▶ _Task goal_:
The expected output is exactly the lines below, starting at the line with "Goto1 : Goto" and ending at the line with "Serial Send Pitch : instrumentseriallib/Serial", both included; no other line belongs in it.

--

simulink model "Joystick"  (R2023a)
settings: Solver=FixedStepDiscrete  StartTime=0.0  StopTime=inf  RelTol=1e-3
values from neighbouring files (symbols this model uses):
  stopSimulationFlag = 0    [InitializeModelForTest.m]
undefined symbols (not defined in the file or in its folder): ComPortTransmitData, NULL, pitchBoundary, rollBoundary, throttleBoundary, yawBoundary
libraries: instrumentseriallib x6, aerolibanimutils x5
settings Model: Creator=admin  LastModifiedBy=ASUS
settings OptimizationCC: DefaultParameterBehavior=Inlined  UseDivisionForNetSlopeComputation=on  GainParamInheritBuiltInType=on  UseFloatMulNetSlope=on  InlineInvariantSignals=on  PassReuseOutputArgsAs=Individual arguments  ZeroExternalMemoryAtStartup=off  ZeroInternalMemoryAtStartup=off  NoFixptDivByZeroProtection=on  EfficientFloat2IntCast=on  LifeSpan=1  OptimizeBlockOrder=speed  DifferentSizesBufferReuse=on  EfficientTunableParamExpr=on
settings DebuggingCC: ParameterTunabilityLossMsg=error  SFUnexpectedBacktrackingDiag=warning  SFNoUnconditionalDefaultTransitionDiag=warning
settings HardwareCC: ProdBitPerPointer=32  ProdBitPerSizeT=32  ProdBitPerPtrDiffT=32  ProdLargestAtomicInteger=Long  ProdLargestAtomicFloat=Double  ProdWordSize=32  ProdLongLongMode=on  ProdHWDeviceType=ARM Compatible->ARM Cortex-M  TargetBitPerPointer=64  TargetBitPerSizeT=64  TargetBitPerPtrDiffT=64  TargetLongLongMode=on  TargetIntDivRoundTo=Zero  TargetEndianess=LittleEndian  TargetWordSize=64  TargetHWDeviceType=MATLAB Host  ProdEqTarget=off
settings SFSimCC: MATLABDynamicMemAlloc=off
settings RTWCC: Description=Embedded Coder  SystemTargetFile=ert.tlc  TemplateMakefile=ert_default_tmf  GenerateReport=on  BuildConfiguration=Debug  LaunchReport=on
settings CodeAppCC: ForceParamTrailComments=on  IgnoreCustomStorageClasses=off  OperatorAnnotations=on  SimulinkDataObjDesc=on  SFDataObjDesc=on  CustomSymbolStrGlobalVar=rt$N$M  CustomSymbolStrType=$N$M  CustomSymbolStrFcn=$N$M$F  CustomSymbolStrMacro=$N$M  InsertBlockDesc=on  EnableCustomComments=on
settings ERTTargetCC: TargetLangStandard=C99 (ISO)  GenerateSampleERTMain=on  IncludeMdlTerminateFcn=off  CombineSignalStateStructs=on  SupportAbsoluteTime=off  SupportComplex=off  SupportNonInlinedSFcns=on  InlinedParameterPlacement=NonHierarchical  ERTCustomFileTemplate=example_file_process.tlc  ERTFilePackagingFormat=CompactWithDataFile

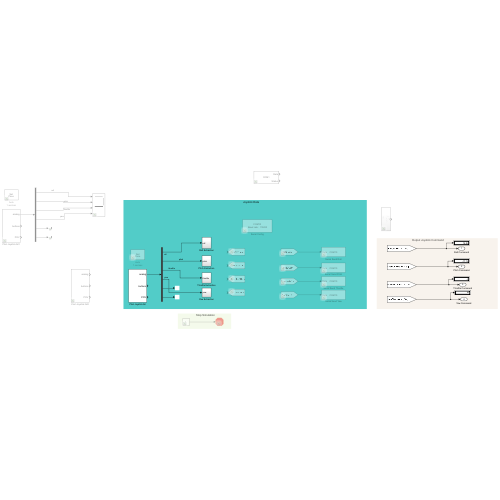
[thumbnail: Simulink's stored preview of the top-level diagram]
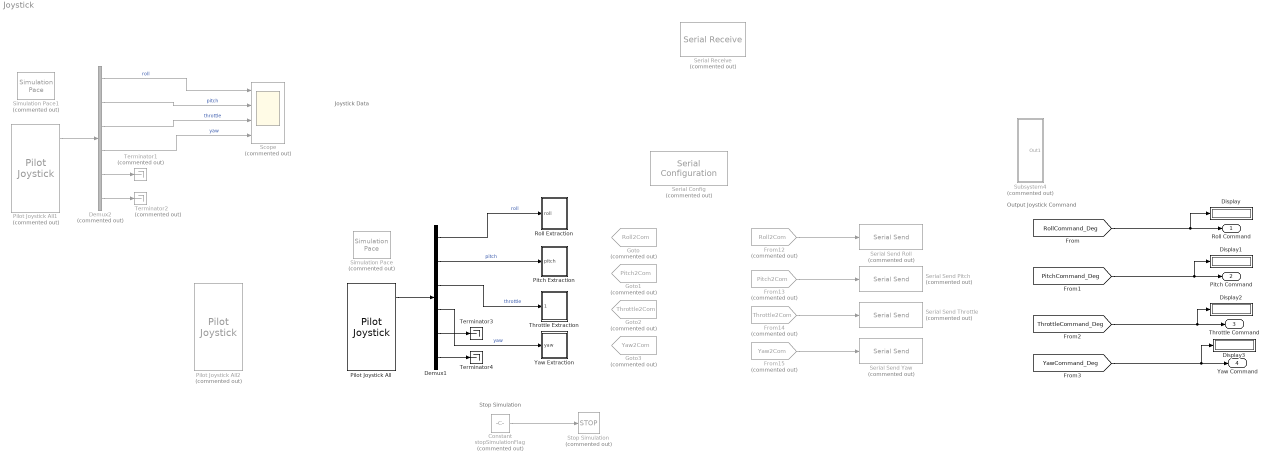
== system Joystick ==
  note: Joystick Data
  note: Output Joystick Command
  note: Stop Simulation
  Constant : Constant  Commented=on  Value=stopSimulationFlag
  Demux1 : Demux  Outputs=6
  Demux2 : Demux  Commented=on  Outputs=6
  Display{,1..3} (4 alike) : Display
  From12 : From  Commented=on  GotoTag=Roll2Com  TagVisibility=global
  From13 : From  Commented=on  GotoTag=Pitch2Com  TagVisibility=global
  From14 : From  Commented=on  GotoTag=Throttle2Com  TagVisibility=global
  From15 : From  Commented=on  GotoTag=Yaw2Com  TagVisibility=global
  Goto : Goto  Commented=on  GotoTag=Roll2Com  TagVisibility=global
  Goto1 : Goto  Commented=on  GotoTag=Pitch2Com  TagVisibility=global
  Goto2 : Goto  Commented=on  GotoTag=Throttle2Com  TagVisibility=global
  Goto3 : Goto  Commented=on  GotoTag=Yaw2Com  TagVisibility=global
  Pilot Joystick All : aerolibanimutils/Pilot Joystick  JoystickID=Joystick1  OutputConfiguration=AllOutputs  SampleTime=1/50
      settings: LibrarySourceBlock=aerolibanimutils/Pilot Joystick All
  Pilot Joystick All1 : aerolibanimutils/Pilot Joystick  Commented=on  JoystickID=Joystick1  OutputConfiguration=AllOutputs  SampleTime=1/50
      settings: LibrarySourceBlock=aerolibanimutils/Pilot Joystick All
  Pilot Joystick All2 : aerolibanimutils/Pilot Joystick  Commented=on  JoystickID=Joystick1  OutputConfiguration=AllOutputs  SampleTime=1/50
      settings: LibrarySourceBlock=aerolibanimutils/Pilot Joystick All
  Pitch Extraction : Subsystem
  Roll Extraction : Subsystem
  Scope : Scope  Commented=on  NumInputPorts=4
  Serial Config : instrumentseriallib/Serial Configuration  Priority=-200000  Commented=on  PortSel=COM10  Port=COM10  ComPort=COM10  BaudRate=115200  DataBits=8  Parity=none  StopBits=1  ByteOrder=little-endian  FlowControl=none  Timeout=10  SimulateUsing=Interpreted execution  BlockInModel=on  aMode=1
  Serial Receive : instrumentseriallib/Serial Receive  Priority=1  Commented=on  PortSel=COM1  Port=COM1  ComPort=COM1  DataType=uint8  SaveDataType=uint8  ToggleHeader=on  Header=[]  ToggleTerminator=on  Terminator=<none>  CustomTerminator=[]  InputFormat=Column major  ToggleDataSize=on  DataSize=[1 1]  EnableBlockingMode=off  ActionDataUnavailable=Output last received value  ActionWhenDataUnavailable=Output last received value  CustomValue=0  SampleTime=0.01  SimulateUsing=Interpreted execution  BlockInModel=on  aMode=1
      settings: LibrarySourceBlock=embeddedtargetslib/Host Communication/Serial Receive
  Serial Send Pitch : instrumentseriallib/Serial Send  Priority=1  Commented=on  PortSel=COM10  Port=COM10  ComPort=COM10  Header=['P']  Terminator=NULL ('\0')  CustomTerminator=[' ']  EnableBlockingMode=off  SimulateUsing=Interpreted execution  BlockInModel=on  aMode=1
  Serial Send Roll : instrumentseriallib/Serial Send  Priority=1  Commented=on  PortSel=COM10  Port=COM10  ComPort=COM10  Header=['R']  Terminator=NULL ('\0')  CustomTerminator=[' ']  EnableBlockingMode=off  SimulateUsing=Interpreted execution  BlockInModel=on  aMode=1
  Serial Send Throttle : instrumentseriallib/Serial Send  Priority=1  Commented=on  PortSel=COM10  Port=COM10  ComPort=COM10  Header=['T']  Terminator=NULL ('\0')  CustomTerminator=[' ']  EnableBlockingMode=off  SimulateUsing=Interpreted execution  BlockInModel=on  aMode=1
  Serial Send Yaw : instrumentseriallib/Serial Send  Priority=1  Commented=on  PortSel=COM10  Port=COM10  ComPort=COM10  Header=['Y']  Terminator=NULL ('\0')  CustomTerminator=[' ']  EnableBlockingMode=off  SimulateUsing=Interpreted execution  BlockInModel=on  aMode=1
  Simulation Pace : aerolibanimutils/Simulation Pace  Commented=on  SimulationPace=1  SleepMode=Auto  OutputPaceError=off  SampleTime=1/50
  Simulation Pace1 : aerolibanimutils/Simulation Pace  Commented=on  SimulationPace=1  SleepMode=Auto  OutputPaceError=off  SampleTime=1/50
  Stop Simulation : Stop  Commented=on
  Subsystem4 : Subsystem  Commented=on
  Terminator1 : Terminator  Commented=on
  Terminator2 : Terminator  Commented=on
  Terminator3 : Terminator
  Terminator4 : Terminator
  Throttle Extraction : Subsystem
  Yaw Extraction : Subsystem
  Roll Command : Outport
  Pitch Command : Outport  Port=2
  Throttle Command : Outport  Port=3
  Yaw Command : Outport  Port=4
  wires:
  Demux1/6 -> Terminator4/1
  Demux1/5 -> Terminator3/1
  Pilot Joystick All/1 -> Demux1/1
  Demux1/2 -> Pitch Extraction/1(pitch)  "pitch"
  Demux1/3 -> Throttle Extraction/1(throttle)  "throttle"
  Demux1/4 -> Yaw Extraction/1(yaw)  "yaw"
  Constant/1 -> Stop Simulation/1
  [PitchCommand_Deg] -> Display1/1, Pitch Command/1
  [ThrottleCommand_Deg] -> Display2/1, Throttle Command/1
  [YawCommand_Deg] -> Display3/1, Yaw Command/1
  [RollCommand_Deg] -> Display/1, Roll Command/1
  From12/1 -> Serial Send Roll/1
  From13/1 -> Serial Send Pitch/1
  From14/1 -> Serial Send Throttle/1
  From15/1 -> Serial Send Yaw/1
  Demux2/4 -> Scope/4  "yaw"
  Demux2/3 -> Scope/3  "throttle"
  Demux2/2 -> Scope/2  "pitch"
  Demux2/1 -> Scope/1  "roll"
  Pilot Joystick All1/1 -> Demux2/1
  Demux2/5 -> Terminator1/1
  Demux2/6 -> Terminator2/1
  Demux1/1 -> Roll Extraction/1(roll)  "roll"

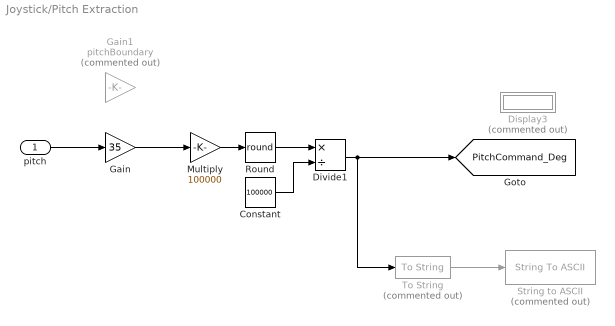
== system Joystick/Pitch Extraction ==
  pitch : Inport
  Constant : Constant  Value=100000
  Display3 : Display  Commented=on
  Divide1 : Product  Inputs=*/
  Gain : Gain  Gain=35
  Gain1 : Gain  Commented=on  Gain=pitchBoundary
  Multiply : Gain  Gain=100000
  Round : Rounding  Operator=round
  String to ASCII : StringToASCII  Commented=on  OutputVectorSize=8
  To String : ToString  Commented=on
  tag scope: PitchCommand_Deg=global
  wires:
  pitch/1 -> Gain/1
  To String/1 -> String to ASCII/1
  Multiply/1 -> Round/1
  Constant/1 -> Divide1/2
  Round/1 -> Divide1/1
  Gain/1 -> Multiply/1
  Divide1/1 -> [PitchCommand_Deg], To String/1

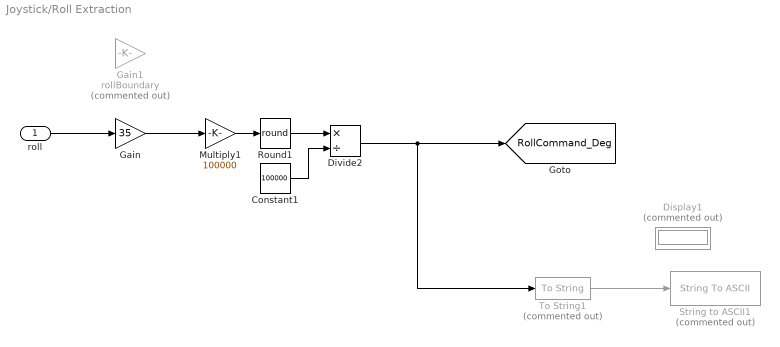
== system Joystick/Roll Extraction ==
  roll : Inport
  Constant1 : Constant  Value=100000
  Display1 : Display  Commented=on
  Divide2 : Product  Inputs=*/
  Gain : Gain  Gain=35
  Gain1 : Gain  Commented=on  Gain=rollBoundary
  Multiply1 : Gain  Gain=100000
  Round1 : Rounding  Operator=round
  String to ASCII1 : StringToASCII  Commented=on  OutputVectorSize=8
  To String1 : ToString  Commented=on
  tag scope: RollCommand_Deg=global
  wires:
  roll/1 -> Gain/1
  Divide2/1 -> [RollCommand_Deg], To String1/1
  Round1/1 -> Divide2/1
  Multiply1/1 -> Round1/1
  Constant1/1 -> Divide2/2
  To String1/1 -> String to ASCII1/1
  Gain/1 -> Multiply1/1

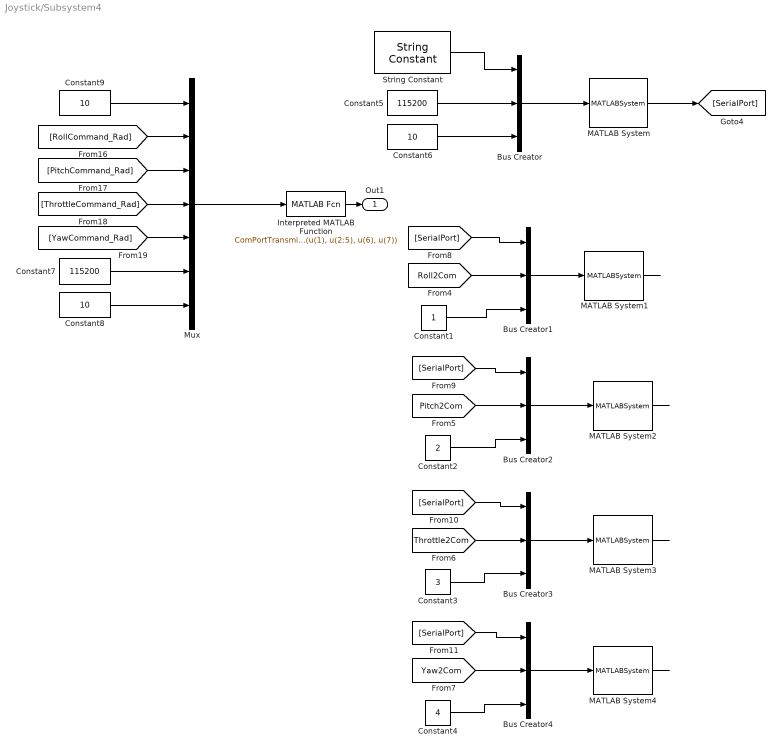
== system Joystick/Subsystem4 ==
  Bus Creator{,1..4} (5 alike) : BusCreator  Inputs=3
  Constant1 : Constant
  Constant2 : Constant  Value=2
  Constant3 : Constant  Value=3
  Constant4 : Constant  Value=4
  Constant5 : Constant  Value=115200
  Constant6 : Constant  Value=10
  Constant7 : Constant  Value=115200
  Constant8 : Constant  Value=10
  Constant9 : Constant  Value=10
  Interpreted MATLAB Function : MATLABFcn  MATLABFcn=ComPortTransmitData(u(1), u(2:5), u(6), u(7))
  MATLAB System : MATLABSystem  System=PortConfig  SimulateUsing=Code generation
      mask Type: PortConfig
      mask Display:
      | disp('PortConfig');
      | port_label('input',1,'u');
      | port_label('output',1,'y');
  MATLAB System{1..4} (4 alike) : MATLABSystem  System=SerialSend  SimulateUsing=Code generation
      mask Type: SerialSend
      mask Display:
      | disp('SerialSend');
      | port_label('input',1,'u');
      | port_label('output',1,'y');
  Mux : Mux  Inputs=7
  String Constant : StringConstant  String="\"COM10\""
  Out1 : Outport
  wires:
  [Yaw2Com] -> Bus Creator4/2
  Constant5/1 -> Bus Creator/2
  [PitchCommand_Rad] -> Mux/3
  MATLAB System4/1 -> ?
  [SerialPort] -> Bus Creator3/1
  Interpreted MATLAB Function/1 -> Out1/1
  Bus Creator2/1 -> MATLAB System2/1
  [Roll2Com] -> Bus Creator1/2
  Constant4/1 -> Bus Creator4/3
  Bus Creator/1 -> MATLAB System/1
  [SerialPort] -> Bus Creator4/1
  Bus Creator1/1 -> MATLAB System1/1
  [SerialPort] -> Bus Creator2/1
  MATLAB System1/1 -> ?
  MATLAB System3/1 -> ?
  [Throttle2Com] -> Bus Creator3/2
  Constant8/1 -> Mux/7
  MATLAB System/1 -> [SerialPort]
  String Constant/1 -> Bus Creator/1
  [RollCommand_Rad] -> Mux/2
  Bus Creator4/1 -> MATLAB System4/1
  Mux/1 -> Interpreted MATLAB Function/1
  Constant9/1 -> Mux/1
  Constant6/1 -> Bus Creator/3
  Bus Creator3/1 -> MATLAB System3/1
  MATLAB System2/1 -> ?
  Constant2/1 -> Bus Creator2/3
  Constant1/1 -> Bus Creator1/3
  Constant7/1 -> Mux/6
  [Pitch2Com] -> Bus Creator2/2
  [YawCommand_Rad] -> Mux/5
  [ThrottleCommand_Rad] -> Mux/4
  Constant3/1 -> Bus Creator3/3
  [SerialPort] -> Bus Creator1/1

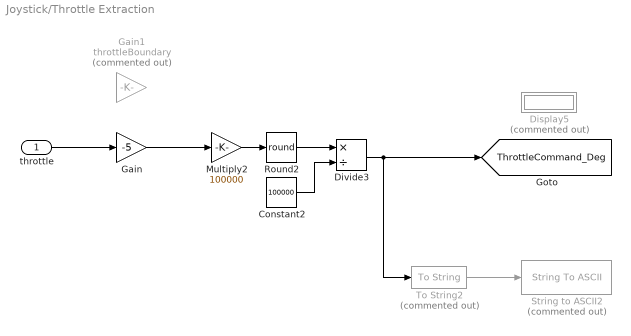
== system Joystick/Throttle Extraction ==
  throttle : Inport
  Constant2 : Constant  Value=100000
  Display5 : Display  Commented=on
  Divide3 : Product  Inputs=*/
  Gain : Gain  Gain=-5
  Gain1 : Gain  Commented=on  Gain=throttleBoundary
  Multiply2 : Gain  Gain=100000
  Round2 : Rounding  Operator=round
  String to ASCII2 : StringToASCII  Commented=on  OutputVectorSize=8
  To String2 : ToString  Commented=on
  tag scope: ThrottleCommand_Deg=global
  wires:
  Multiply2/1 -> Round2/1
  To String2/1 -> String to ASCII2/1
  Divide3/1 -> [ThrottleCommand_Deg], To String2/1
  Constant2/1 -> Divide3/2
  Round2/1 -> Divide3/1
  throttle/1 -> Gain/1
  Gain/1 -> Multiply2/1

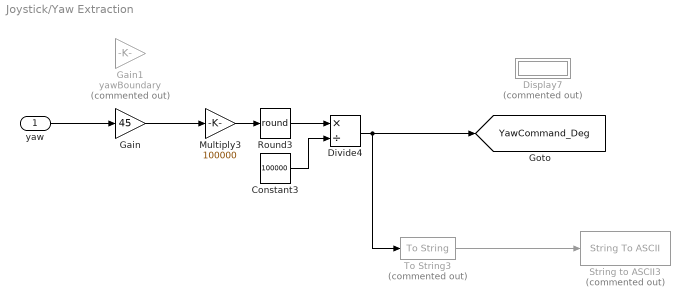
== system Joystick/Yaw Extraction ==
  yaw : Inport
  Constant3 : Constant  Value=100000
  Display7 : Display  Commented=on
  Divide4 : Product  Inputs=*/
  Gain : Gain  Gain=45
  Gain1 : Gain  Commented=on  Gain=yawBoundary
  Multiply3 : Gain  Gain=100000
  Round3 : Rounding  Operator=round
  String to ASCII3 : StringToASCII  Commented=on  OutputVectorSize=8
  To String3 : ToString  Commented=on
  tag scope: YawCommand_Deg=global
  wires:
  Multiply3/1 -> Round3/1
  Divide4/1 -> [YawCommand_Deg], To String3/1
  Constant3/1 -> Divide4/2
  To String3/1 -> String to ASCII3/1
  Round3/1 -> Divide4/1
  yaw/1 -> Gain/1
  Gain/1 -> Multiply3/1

--

▶ _Exercise result_:
  Goto1 : Goto  Commented=on  GotoTag=Pitch2Com  TagVisibility=global
  Goto2 : Goto  Commented=on  GotoTag=Throttle2Com  TagVisibility=global
  Goto3 : Goto  Commented=on  GotoTag=Yaw2Com  TagVisibility=global
  Pilot Joystick All : aerolibanimutils/Pilot Joystick  JoystickID=Joystick1  OutputConfiguration=AllOutputs  SampleTime=1/50
      settings: LibrarySourceBlock=aerolibanimutils/Pilot Joystick All
  Pilot Joystick All1 : aerolibanimutils/Pilot Joystick  Commented=on  JoystickID=Joystick1  OutputConfiguration=AllOutputs  SampleTime=1/50
      settings: LibrarySourceBlock=aerolibanimutils/Pilot Joystick All
  Pilot Joystick All2 : aerolibanimutils/Pilot Joystick  Commented=on  JoystickID=Joystick1  OutputConfiguration=AllOutputs  SampleTime=1/50
      settings: LibrarySourceBlock=aerolibanimutils/Pilot Joystick All
  Pitch Extraction : Subsystem
  Roll Extraction : Subsystem
  Scope : Scope  Commented=on  NumInputPorts=4
  Serial Config : instrumentseriallib/Serial Configuration  Priority=-200000  Commented=on  PortSel=COM10  Port=COM10  ComPort=COM10  BaudRate=115200  DataBits=8  Parity=none  StopBits=1  ByteOrder=little-endian  FlowControl=none  Timeout=10  SimulateUsing=Interpreted execution  BlockInModel=on  aMode=1
  Serial Receive : instrumentseriallib/Serial Receive  Priority=1  Commented=on  PortSel=COM1  Port=COM1  ComPort=COM1  DataType=uint8  SaveDataType=uint8  ToggleHeader=on  Header=[]  ToggleTerminator=on  Terminator=<none>  CustomTerminator=[]  InputFormat=Column major  ToggleDataSize=on  DataSize=[1 1]  EnableBlockingMode=off  ActionDataUnavailable=Output last received value  ActionWhenDataUnavailable=Output last received value  CustomValue=0  SampleTime=0.01  SimulateUsing=Interpreted execution  BlockInModel=on  aMode=1
      settings: LibrarySourceBlock=embeddedtargetslib/Host Communication/Serial Receive
  Serial Send Pitch : instrumentseriallib/Serial Send  Priority=1  Commented=on  PortSel=COM10  Port=COM10  ComPort=COM10  Header=['P']  Terminator=NULL ('\0')  CustomTerminator=[' ']  EnableBlockingMode=off  SimulateUsing=Interpreted execution  BlockInModel=on  aMode=1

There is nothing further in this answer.